Task goal
Reproduce exactly, and solely, the lines running from the top of the data below through the line with "#10=(LENGTH_UNIT() NAMED_UNIT(*) SI_UNIT(.MILLI.,.METRE.));", both inclusive. Omit pictures.

Records shown
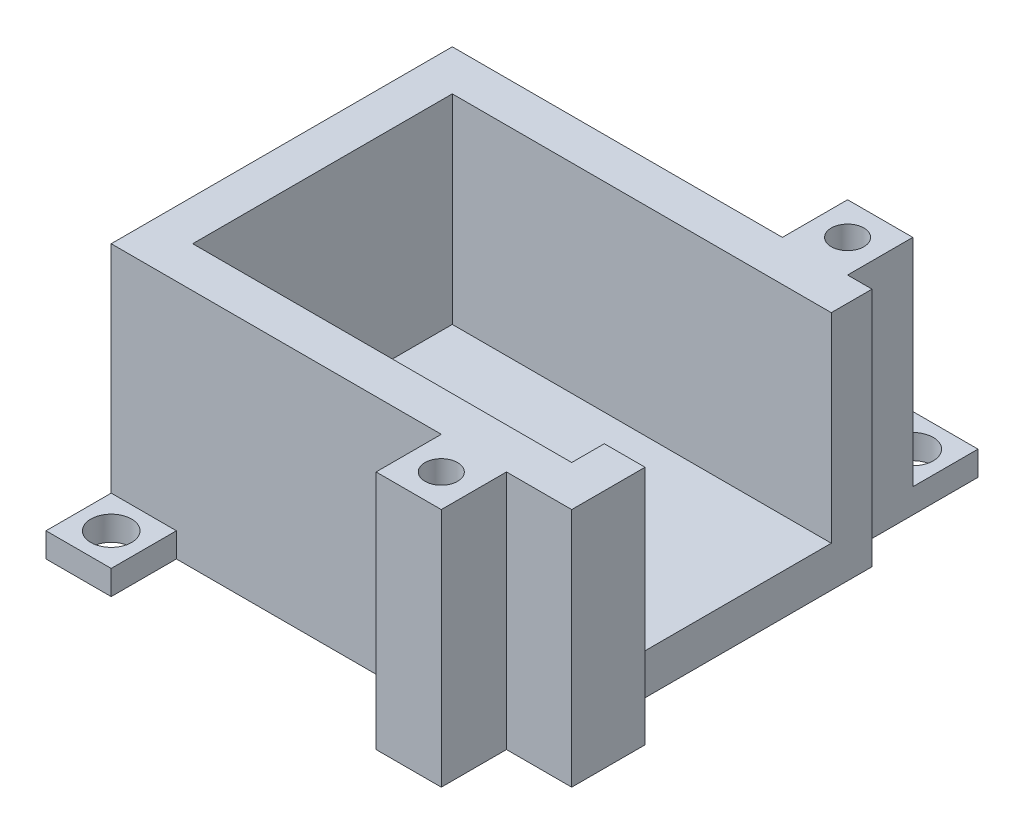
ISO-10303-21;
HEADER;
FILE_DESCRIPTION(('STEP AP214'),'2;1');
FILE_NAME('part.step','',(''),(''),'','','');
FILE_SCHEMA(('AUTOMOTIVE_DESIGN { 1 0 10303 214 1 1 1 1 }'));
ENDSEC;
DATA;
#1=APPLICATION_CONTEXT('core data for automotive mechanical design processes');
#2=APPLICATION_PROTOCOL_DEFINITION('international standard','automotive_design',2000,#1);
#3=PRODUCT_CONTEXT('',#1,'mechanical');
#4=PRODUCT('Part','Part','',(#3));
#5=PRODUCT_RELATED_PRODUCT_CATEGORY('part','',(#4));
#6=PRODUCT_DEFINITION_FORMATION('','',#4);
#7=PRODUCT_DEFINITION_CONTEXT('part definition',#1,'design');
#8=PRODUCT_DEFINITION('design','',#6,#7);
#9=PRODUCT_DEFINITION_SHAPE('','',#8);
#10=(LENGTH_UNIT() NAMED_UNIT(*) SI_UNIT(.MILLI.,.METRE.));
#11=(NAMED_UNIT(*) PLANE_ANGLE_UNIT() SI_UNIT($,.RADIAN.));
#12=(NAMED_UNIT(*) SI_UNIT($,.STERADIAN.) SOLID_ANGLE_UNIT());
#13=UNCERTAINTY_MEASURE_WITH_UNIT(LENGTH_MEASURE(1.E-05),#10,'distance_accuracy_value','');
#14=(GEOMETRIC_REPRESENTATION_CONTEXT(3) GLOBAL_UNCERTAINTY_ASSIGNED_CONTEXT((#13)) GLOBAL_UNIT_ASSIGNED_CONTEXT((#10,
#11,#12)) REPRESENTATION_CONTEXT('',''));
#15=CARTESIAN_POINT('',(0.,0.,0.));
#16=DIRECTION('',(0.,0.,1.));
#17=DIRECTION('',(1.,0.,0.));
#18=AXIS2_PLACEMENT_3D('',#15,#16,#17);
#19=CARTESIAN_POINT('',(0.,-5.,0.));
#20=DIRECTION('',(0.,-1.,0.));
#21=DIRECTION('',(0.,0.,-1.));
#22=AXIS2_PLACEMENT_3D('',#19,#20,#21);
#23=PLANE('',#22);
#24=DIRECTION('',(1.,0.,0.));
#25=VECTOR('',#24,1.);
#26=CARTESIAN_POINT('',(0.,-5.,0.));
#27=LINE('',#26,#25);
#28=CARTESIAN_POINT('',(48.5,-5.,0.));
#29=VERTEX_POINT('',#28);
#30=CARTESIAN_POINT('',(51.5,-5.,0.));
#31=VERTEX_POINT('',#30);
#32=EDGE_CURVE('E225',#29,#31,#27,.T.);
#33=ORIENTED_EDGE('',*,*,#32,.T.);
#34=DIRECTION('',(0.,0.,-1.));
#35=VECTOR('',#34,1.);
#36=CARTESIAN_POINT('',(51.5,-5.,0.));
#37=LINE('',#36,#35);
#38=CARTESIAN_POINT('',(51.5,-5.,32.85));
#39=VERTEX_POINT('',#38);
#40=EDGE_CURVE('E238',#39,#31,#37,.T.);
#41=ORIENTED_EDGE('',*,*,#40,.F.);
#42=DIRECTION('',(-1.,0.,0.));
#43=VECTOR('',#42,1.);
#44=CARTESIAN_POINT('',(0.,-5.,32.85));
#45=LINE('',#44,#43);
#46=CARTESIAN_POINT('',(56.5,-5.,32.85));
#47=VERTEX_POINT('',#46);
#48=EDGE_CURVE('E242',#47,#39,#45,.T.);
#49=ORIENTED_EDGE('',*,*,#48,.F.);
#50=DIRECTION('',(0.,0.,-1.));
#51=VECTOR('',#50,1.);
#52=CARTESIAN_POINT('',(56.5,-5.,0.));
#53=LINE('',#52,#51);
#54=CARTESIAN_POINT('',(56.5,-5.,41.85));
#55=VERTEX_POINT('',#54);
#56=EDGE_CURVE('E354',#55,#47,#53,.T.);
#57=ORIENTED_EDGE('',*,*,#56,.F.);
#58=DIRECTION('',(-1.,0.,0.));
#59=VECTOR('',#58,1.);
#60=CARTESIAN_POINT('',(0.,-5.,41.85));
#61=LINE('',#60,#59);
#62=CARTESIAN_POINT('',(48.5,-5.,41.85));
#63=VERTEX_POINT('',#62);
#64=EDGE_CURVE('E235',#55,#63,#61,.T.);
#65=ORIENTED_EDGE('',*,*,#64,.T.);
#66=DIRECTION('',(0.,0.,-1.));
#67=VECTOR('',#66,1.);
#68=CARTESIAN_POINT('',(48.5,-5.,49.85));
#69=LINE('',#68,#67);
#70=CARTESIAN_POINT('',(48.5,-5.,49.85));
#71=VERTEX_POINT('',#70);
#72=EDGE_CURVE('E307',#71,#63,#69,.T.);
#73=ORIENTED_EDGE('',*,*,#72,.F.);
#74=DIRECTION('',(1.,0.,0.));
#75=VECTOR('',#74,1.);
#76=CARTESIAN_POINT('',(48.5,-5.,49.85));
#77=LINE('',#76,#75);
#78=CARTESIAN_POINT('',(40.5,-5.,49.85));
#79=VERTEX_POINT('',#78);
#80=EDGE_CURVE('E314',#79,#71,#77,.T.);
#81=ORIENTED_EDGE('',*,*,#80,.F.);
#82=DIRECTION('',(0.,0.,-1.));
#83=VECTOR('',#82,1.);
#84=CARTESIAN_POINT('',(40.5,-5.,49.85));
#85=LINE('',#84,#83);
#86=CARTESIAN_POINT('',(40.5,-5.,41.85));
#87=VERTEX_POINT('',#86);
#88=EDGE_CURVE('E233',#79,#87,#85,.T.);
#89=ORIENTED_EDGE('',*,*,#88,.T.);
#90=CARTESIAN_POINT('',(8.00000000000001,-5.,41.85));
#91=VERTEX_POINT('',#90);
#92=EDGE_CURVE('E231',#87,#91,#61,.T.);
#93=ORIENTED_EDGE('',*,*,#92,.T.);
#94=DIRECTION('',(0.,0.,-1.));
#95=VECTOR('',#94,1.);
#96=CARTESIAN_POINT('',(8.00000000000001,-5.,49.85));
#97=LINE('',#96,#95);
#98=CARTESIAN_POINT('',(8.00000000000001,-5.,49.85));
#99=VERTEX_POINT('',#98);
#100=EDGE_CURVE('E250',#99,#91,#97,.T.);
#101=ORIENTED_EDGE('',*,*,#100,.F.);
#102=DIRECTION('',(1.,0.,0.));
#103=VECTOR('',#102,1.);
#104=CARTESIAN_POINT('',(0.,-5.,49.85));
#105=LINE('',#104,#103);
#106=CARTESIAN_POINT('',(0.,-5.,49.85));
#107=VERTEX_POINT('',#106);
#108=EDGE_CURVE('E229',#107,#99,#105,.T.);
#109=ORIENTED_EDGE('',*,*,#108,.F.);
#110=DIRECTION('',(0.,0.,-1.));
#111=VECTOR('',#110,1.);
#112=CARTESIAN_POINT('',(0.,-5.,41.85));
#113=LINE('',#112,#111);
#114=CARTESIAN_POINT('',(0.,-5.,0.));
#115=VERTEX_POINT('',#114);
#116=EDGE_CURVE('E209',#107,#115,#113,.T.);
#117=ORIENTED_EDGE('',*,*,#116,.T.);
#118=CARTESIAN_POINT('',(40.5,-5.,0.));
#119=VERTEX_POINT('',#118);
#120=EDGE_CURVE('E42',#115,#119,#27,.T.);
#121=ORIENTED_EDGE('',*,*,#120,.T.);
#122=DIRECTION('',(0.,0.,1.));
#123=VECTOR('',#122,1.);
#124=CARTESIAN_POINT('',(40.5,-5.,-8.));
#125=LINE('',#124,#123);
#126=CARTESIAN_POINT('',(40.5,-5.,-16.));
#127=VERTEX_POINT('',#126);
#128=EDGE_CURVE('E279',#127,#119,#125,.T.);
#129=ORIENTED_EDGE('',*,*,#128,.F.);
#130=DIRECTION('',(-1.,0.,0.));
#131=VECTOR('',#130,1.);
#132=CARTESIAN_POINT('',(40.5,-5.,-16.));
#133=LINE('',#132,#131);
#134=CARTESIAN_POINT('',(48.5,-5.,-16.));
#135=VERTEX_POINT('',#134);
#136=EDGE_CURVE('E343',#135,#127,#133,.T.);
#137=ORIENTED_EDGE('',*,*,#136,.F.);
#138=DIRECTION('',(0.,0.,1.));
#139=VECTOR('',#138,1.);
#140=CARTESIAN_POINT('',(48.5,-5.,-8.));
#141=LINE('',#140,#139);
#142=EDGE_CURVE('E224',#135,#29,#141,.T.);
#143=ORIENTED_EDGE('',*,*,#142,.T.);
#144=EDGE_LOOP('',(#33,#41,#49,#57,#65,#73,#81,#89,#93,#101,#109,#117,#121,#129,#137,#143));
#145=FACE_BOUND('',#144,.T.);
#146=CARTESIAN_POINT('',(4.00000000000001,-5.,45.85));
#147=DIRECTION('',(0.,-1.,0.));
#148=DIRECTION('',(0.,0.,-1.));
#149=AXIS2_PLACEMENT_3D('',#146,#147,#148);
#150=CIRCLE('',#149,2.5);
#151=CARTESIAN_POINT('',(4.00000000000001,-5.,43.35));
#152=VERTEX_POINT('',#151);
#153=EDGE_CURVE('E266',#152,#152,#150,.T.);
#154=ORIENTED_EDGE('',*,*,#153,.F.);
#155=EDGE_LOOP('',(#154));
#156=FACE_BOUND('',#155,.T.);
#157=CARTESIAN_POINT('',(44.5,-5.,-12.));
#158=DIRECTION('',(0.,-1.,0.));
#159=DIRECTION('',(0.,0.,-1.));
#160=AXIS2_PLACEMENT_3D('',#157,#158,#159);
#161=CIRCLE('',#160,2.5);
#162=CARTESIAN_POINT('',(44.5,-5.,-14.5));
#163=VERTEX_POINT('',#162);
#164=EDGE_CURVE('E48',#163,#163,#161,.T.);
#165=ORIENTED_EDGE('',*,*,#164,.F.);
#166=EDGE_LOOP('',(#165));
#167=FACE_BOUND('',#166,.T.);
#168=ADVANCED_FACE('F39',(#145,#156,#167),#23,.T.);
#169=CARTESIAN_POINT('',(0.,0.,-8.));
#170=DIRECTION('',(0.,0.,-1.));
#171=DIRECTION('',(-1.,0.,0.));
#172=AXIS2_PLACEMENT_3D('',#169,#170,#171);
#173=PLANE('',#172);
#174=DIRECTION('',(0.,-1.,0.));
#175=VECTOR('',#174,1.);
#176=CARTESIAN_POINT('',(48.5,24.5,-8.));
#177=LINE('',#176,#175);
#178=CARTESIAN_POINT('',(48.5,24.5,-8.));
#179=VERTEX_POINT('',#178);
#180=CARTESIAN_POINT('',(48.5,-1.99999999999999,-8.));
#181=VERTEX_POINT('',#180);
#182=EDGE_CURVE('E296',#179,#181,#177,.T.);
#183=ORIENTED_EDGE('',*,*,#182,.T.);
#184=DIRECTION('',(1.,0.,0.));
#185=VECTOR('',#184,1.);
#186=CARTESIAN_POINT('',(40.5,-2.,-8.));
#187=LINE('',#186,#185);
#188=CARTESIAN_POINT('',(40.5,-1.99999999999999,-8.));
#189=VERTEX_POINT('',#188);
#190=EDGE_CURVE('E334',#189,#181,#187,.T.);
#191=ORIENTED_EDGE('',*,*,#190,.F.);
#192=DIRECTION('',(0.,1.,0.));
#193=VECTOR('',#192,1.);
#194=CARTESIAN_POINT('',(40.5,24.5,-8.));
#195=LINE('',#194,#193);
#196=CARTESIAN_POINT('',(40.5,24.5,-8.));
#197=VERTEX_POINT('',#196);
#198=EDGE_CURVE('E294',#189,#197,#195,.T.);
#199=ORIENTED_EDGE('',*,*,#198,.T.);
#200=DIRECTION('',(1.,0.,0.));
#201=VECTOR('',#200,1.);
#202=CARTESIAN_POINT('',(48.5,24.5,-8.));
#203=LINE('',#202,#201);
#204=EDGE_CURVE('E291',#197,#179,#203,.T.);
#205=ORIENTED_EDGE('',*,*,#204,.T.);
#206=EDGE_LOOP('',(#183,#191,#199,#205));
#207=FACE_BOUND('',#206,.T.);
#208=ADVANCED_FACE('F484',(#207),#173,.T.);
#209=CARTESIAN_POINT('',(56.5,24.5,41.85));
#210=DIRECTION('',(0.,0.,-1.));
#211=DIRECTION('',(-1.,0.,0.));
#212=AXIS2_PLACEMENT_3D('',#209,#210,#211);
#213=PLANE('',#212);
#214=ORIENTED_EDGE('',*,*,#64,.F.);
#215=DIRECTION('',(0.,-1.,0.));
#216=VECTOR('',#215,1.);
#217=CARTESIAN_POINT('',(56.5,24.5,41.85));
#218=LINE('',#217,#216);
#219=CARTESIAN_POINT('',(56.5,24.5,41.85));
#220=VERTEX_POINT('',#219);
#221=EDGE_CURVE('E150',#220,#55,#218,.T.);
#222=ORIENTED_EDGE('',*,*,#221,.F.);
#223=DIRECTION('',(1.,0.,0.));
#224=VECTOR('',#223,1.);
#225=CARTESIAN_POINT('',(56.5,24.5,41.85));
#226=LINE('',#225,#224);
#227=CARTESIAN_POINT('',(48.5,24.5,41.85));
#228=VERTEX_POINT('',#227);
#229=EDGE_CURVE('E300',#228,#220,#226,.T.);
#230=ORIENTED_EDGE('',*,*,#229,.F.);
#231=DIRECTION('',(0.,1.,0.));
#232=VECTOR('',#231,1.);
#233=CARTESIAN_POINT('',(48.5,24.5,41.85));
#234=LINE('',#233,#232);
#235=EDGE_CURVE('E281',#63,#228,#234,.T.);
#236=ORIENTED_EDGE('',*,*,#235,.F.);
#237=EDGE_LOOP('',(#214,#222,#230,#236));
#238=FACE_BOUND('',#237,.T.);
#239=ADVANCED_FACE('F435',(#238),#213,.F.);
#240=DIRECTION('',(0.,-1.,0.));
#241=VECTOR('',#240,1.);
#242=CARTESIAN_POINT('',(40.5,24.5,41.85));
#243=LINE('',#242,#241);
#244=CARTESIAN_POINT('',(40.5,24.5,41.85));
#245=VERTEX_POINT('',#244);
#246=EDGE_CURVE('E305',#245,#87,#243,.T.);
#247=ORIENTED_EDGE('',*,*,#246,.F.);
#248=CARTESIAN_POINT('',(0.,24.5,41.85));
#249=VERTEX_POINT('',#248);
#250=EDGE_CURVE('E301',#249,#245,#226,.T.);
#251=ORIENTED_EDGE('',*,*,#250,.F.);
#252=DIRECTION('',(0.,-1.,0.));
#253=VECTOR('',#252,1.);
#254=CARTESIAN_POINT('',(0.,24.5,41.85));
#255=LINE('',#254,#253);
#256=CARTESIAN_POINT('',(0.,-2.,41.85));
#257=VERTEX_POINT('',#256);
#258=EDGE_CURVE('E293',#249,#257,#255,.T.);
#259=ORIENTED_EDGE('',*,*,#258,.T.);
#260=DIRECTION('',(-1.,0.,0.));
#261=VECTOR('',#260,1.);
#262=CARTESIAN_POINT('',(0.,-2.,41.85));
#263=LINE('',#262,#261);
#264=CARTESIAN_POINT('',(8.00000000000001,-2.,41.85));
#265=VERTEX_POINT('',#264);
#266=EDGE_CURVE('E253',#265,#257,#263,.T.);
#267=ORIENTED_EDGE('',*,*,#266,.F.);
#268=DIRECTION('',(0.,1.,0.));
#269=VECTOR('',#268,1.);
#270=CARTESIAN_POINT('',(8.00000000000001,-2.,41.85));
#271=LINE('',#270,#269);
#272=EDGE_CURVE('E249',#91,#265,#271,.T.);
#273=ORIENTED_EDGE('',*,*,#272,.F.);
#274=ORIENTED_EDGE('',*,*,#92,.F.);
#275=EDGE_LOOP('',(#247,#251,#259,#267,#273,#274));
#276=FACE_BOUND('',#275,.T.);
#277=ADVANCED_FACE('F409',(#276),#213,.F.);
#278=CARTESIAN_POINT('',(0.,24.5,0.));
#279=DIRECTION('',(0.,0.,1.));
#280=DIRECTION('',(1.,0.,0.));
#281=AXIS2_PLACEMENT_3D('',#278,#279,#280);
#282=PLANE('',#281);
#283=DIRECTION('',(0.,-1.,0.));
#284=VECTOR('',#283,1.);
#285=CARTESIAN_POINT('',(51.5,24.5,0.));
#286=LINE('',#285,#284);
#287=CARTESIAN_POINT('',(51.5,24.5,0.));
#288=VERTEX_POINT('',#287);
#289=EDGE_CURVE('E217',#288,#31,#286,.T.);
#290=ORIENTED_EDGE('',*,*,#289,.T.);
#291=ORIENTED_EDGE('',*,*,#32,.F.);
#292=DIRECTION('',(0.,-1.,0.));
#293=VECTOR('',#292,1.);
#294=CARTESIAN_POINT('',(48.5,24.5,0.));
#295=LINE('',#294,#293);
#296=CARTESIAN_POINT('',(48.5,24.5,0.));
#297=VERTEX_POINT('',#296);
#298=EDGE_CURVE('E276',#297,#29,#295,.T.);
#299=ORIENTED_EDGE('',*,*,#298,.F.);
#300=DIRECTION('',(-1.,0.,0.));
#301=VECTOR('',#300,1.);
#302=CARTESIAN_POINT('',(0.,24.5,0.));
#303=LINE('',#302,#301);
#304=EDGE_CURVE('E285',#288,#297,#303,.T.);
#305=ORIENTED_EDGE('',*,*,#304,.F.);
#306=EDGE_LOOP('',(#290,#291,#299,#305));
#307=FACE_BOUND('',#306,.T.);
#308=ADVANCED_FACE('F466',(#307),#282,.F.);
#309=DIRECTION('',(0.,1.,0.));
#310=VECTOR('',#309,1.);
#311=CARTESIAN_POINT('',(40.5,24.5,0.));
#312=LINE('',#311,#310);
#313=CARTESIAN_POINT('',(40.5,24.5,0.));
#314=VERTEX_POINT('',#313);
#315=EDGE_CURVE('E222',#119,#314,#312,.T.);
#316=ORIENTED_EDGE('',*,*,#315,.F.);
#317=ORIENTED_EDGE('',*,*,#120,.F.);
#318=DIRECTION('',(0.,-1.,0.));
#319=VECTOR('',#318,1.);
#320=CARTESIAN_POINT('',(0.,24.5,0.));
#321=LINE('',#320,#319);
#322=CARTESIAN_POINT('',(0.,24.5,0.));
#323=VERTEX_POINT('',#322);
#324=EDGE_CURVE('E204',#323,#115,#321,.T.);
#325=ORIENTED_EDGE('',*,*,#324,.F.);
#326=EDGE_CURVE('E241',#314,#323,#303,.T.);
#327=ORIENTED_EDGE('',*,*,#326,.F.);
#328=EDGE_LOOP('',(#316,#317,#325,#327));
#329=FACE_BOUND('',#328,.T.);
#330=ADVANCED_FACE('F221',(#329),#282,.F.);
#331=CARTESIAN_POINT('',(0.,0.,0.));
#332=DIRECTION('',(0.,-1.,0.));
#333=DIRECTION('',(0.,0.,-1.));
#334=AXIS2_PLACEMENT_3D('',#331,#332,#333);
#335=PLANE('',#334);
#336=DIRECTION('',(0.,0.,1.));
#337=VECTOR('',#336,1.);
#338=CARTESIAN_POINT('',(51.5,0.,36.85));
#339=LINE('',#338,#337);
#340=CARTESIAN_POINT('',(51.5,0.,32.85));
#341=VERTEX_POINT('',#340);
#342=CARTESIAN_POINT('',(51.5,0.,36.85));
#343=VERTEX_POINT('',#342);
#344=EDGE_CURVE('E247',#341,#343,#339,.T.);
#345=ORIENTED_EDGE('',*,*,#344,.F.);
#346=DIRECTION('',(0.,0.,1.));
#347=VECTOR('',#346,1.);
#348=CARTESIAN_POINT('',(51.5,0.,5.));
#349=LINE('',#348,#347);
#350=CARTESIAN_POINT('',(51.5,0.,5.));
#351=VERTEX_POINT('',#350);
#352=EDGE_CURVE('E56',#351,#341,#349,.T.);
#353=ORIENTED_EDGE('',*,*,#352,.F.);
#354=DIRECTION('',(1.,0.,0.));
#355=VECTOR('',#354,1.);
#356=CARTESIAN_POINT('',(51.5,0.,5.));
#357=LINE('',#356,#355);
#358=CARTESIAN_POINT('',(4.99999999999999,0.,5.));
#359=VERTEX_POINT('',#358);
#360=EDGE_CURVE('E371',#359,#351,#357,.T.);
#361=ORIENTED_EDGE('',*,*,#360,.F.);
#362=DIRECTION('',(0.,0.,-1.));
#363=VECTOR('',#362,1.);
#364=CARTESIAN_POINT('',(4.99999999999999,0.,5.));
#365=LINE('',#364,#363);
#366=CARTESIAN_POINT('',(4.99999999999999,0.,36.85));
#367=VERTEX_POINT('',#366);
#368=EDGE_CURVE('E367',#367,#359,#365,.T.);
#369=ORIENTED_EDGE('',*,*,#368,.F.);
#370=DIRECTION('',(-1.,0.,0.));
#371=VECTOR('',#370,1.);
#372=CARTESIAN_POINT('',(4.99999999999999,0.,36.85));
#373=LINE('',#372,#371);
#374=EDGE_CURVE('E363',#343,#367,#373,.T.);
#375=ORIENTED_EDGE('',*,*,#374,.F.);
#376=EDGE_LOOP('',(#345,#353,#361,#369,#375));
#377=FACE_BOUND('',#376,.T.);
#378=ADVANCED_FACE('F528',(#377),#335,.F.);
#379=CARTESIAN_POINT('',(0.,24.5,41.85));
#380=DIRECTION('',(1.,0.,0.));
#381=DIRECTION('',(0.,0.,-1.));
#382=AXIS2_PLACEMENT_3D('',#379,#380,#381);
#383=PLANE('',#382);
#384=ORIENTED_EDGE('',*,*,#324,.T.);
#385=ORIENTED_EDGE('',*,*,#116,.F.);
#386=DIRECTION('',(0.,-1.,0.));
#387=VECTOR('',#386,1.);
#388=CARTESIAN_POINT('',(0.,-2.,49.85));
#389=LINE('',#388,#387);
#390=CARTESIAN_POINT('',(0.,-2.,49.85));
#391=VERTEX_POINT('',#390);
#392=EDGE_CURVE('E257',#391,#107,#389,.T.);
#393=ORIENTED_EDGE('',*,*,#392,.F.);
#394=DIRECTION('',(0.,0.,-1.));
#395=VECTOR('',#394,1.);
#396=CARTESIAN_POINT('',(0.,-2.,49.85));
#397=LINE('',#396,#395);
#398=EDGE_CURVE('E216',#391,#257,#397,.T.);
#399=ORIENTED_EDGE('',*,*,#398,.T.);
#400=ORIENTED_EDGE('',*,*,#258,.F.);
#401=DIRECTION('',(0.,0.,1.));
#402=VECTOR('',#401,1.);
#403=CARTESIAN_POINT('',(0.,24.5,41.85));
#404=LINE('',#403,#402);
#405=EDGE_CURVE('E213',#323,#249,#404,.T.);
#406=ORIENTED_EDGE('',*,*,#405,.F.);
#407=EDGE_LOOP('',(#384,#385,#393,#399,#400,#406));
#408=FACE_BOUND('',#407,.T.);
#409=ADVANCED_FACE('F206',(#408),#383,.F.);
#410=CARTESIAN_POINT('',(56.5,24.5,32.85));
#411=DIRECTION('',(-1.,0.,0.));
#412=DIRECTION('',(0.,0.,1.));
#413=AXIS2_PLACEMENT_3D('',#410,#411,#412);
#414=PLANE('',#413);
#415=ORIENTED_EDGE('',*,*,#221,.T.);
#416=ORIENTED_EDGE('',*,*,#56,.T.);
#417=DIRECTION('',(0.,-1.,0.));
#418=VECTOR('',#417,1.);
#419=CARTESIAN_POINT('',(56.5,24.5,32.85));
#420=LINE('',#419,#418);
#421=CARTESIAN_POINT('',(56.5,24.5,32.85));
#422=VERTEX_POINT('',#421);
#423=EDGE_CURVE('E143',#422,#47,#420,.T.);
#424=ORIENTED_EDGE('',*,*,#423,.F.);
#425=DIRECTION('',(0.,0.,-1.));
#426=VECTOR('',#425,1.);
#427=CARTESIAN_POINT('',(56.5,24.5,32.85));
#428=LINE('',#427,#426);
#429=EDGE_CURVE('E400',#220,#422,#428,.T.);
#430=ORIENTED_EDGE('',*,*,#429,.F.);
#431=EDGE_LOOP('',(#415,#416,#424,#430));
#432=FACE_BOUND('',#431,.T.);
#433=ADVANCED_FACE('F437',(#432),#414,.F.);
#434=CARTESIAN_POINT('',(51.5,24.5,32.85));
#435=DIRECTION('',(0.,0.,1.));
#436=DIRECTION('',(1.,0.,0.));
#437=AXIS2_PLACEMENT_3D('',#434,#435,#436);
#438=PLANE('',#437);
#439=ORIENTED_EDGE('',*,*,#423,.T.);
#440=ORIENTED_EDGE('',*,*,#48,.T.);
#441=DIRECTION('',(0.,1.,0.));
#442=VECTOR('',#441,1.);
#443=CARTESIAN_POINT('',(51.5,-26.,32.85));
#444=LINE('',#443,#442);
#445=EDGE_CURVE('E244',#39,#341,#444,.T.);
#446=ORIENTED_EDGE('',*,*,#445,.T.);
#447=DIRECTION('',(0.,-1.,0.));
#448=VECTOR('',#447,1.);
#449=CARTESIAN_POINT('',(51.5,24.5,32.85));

Completed exercise
ISO-10303-21;
HEADER;
FILE_DESCRIPTION(('STEP AP214'),'2;1');
FILE_NAME('part.step','',(''),(''),'','','');
FILE_SCHEMA(('AUTOMOTIVE_DESIGN { 1 0 10303 214 1 1 1 1 }'));
ENDSEC;
DATA;
#1=APPLICATION_CONTEXT('core data for automotive mechanical design processes');
#2=APPLICATION_PROTOCOL_DEFINITION('international standard','automotive_design',2000,#1);
#3=PRODUCT_CONTEXT('',#1,'mechanical');
#4=PRODUCT('Part','Part','',(#3));
#5=PRODUCT_RELATED_PRODUCT_CATEGORY('part','',(#4));
#6=PRODUCT_DEFINITION_FORMATION('','',#4);
#7=PRODUCT_DEFINITION_CONTEXT('part definition',#1,'design');
#8=PRODUCT_DEFINITION('design','',#6,#7);
#9=PRODUCT_DEFINITION_SHAPE('','',#8);
#10=(LENGTH_UNIT() NAMED_UNIT(*) SI_UNIT(.MILLI.,.METRE.));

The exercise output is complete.